--- What to do ---
Below are several records. Retype exactly those lines running from the one with "libraries: ee_lib x50, nesl_utility" through the one with "settings OptimizationCC: ReuseModelBlockBuffer=off", end lines included, and no others.

--- Source data ---
.....
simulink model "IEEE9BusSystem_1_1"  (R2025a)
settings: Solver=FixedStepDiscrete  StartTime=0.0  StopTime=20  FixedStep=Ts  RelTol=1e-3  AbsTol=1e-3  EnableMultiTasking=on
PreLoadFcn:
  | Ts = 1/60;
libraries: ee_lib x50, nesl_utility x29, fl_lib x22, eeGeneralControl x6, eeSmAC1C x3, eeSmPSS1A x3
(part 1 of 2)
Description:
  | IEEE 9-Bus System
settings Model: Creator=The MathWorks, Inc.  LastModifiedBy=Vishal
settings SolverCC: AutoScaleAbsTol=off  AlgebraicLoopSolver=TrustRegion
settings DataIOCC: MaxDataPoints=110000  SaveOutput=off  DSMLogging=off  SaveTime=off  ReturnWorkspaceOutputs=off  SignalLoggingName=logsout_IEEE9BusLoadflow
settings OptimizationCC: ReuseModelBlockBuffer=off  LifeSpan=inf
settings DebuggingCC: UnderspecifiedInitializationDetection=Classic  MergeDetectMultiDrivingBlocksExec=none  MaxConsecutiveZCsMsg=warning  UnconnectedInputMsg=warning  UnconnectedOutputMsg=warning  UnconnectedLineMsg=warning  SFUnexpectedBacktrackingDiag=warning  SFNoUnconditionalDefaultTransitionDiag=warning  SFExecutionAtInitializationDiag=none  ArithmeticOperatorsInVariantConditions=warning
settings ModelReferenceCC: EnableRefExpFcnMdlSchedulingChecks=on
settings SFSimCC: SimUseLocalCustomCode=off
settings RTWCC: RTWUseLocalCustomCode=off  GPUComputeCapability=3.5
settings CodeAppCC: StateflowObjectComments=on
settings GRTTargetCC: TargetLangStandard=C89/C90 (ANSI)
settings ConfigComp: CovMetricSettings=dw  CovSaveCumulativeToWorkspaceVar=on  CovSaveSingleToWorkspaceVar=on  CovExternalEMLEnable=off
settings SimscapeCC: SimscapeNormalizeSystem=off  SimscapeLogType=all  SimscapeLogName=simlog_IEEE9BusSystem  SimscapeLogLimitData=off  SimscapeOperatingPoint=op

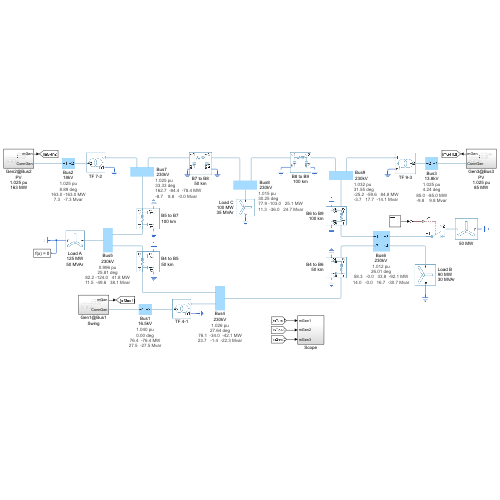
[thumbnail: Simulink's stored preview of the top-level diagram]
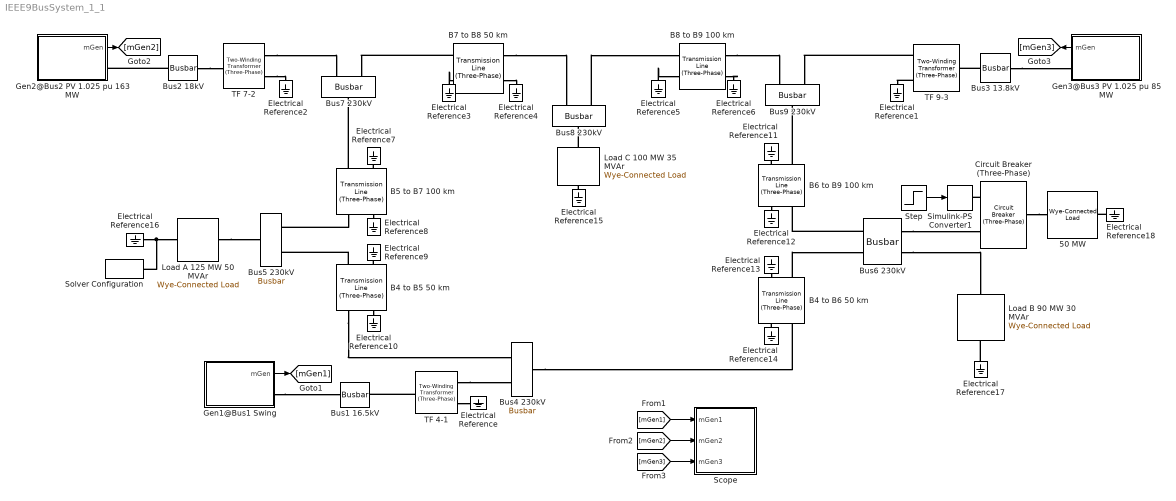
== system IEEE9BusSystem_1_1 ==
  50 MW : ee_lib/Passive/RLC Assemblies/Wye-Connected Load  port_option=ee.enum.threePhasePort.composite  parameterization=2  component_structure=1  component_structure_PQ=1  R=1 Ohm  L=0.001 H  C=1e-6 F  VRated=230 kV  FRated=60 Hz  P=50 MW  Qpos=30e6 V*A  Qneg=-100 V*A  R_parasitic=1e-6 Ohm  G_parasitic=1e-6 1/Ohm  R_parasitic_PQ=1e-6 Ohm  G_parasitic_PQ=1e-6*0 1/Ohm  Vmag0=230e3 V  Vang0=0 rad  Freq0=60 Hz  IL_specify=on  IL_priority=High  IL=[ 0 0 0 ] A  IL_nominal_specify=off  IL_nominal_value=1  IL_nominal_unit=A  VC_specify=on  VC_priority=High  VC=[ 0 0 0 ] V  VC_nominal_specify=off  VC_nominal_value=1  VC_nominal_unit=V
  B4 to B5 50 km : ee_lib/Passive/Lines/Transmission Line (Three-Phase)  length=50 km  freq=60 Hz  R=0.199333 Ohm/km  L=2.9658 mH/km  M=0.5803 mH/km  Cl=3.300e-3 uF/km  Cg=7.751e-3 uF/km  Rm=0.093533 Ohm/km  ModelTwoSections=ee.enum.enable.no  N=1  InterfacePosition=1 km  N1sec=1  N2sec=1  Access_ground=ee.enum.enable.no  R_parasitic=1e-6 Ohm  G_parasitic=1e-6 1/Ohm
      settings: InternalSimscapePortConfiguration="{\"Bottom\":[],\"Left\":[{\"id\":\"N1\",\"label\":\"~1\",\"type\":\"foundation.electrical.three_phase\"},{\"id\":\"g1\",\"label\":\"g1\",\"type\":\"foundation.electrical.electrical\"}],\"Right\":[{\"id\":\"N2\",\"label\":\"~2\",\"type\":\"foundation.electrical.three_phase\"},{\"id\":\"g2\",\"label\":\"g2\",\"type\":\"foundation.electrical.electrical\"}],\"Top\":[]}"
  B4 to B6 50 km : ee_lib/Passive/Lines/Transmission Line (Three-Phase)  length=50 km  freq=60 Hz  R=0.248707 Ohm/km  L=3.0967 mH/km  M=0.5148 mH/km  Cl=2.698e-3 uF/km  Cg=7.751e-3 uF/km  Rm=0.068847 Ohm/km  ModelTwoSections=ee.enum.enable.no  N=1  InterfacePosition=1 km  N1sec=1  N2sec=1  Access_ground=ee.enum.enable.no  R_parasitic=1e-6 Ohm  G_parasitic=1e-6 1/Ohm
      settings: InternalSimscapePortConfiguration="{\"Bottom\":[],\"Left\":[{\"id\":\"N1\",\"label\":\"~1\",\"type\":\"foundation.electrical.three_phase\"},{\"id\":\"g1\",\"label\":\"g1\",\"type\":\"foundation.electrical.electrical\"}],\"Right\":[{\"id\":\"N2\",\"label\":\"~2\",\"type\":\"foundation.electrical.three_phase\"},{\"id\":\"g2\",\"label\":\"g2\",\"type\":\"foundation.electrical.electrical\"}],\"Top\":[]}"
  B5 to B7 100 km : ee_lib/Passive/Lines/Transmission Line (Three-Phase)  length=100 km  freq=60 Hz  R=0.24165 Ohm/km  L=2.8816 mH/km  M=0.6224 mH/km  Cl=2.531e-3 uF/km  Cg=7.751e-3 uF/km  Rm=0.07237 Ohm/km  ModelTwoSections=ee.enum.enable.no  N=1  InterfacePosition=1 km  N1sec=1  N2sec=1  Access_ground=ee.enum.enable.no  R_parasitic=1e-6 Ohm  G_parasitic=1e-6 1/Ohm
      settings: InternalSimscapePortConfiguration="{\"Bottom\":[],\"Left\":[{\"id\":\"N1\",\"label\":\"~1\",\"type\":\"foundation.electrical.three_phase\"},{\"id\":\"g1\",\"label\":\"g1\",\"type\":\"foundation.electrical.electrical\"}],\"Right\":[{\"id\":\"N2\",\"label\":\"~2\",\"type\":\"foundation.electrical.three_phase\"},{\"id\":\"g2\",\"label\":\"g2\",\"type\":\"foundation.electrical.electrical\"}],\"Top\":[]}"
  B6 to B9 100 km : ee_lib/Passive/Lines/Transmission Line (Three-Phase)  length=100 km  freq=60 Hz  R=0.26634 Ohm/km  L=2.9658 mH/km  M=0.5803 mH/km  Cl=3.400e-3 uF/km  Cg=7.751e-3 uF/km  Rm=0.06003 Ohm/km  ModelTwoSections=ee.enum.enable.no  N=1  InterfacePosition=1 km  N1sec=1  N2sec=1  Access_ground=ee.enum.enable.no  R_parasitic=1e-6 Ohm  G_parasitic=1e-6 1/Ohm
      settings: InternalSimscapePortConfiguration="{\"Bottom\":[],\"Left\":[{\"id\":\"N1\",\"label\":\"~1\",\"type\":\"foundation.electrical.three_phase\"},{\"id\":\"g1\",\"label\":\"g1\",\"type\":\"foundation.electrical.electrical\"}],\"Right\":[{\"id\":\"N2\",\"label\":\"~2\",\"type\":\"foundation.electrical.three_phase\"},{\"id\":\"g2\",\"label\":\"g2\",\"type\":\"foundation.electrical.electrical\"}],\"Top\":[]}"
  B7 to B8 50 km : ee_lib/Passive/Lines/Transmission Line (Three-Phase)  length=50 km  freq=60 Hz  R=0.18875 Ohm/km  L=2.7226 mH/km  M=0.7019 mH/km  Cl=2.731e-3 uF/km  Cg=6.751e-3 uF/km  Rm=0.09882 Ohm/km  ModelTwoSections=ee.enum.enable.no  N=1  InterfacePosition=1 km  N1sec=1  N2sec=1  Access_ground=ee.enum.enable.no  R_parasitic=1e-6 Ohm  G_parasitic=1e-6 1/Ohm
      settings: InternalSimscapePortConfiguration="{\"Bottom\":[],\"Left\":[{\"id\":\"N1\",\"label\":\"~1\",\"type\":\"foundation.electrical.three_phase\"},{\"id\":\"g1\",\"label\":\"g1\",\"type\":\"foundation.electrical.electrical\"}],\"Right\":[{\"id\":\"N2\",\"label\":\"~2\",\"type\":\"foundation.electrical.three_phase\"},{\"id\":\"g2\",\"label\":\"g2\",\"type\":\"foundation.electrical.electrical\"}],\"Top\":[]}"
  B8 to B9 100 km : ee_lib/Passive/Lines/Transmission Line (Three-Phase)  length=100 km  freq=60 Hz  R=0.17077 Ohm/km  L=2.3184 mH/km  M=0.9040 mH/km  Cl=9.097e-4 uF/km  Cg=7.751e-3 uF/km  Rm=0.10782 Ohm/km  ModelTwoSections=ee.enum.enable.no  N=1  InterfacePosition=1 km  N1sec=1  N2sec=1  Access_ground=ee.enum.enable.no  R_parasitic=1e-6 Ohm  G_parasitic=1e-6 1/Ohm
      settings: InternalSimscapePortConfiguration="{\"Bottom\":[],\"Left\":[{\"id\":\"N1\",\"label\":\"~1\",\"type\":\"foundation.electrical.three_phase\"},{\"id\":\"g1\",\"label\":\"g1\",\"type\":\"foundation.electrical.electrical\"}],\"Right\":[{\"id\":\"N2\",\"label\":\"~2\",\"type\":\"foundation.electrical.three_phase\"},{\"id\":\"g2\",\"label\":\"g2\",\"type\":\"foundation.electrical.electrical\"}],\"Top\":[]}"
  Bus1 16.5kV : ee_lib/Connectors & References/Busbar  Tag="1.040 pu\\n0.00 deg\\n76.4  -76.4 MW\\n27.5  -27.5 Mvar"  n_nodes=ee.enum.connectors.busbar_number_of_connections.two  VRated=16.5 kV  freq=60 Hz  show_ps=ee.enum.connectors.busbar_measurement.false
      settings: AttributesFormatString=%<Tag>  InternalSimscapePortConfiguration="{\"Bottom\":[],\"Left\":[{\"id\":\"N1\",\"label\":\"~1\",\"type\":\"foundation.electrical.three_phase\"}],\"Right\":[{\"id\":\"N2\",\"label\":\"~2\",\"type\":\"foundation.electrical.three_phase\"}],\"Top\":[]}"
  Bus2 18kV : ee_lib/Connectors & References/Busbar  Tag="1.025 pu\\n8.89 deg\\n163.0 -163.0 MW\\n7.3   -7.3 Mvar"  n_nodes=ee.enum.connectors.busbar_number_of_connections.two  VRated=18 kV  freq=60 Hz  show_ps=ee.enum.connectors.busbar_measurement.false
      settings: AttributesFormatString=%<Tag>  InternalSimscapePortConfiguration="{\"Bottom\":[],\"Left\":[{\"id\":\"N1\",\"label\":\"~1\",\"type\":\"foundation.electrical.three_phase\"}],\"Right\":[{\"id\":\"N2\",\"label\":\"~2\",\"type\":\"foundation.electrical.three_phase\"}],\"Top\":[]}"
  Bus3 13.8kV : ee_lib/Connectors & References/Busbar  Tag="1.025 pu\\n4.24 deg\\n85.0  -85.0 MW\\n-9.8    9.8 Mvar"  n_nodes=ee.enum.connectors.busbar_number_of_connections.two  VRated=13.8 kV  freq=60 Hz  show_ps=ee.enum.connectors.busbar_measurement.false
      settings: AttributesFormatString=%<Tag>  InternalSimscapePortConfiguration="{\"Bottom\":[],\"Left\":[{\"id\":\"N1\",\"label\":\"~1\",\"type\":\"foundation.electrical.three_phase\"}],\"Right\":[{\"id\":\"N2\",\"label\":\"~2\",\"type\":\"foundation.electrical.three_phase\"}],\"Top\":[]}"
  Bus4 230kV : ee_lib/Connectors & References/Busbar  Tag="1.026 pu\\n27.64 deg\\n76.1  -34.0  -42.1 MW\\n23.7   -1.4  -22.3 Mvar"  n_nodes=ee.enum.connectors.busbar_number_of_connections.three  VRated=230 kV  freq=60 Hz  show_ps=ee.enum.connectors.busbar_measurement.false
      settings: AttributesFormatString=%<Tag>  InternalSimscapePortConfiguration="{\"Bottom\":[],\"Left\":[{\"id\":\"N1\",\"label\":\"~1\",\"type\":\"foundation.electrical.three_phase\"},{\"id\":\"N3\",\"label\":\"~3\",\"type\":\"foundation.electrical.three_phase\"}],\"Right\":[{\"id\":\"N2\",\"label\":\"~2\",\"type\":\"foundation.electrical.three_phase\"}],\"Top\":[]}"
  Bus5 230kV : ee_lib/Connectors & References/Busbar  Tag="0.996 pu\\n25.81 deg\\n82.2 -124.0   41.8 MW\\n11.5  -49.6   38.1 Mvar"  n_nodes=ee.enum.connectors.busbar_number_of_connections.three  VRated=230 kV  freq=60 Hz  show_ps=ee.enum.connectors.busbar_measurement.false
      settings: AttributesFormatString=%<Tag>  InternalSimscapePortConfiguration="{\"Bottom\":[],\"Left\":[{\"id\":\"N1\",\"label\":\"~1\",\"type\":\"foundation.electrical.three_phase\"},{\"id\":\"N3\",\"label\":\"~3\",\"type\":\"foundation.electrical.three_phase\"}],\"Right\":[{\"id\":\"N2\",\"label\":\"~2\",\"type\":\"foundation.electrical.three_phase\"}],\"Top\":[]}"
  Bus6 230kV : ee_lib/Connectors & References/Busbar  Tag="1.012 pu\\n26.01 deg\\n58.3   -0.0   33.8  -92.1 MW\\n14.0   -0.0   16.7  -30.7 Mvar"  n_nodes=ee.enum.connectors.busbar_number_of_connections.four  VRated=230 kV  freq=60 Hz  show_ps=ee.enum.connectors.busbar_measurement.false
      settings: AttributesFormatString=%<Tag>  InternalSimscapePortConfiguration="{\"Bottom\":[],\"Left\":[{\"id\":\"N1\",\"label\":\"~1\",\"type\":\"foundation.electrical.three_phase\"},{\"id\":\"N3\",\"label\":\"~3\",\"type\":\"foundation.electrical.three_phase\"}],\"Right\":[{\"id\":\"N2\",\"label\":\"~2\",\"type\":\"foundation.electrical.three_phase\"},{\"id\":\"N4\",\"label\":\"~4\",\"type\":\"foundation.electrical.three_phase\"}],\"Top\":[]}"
.....
--- Answer area ---
libraries: ee_lib x50, nesl_utility x29, fl_lib x22, eeGeneralControl x6, eeSmAC1C x3, eeSmPSS1A x3
(part 1 of 2)
Description:
  | IEEE 9-Bus System
settings Model: Creator=The MathWorks, Inc.  LastModifiedBy=Vishal
settings SolverCC: AutoScaleAbsTol=off  AlgebraicLoopSolver=TrustRegion
settings DataIOCC: MaxDataPoints=110000  SaveOutput=off  DSMLogging=off  SaveTime=off  ReturnWorkspaceOutputs=off  SignalLoggingName=logsout_IEEE9BusLoadflow
settings OptimizationCC: ReuseModelBlockBuffer=off  LifeSpan=inf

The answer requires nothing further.